◆ **Requirement**:
Scan the entries below. Return every line that includes "construction".

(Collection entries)
= Beginning of Section =

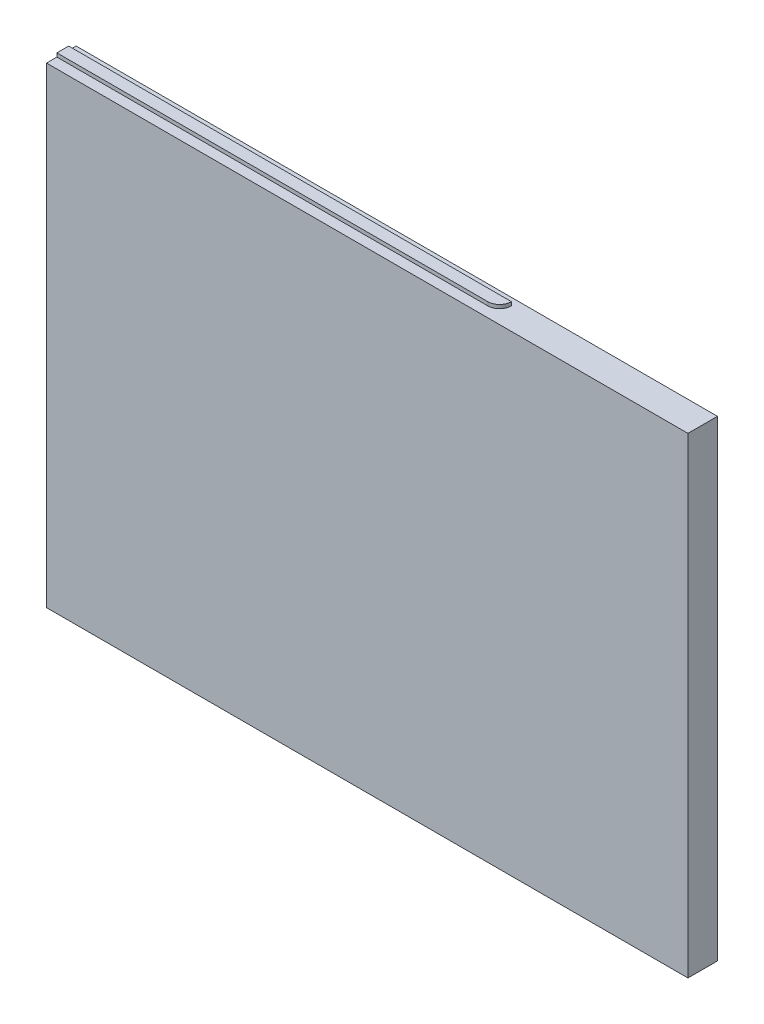
SolidWorks part; units mm, degrees
ref_plane "Plano frontal" through (0, 0, 0) normal (0, 0, 1) x (1, 0, 0)
ref_plane "Plano superior" through (0, 0, 0) normal (0, 1, 0) x (1, 0, 0)
ref_plane "Plano direito" through (0, 0, 0) normal (1, 0, 0) x (0, 0, -1)
sketch "Esboço1" plane through (0, 0, 0) normal (0, 0, 1) x (1, 0, 0)
  line L1 (-67.1292, 37.0793) -> (150.1708, 37.0793)
  line L2 (-67.1292, 37.0793) -> (-67.1292, -122.7207)
  line L3 (-67.1292, -122.7207) -> (150.1708, -122.7207)
  line L4 (150.1708, 37.0793) -> (150.1708, -122.7207)
  dimension "D1" = 217.3
  dimension "D2" = 159.8
extrude "Ressalto-extrusão1" add sketch "Esboço1" along normal blind 10
sketch "Esboço2" plane through (0, 37.0793, 0) normal (0, 1, 0) x (1, 0, 0)
  line L0 (-67.1292, -10) -> (-67.1292, 0) construction
  line L1 (-67.1292, -6.5) -> (82.8708, -6.5)
  line L2 (-67.1292, -6.5) -> (-67.1292, -2.5)
  line L3 (-67.1292, -2.5) -> (82.8708, -2.5)
  line L4 (82.8708, -6.5) -> (82.8708, -2.5)
  line L5 (150.1708, 0) -> (-67.1292, 0) construction
  dimension "D1" = 4
  dimension "D2" = 150
  dimension "D3" = 0
  dimension "D4" = 2.5
extrude "Ressalto-extrusão2" add sketch "Esboço2" along normal blind 1.24 and the other way blind 161.04 contours L1 L4 L3 L2
fillet "Filete1" radius 4 1 edges at (82.8708, -123.3407, 6.5)
ref_plane "Plano1" through (82.8708, -123.9607, 2.5) normal (0, 1, 0) x (1, 0, 0)
fillet "Filete2" radius 4 1 edges at (82.8708, 37.6993, 6.5)

= End of Section =

◆ **Solution below**:
  line L0 (-67.1292, -10) -> (-67.1292, 0) construction
  line L5 (150.1708, 0) -> (-67.1292, 0) construction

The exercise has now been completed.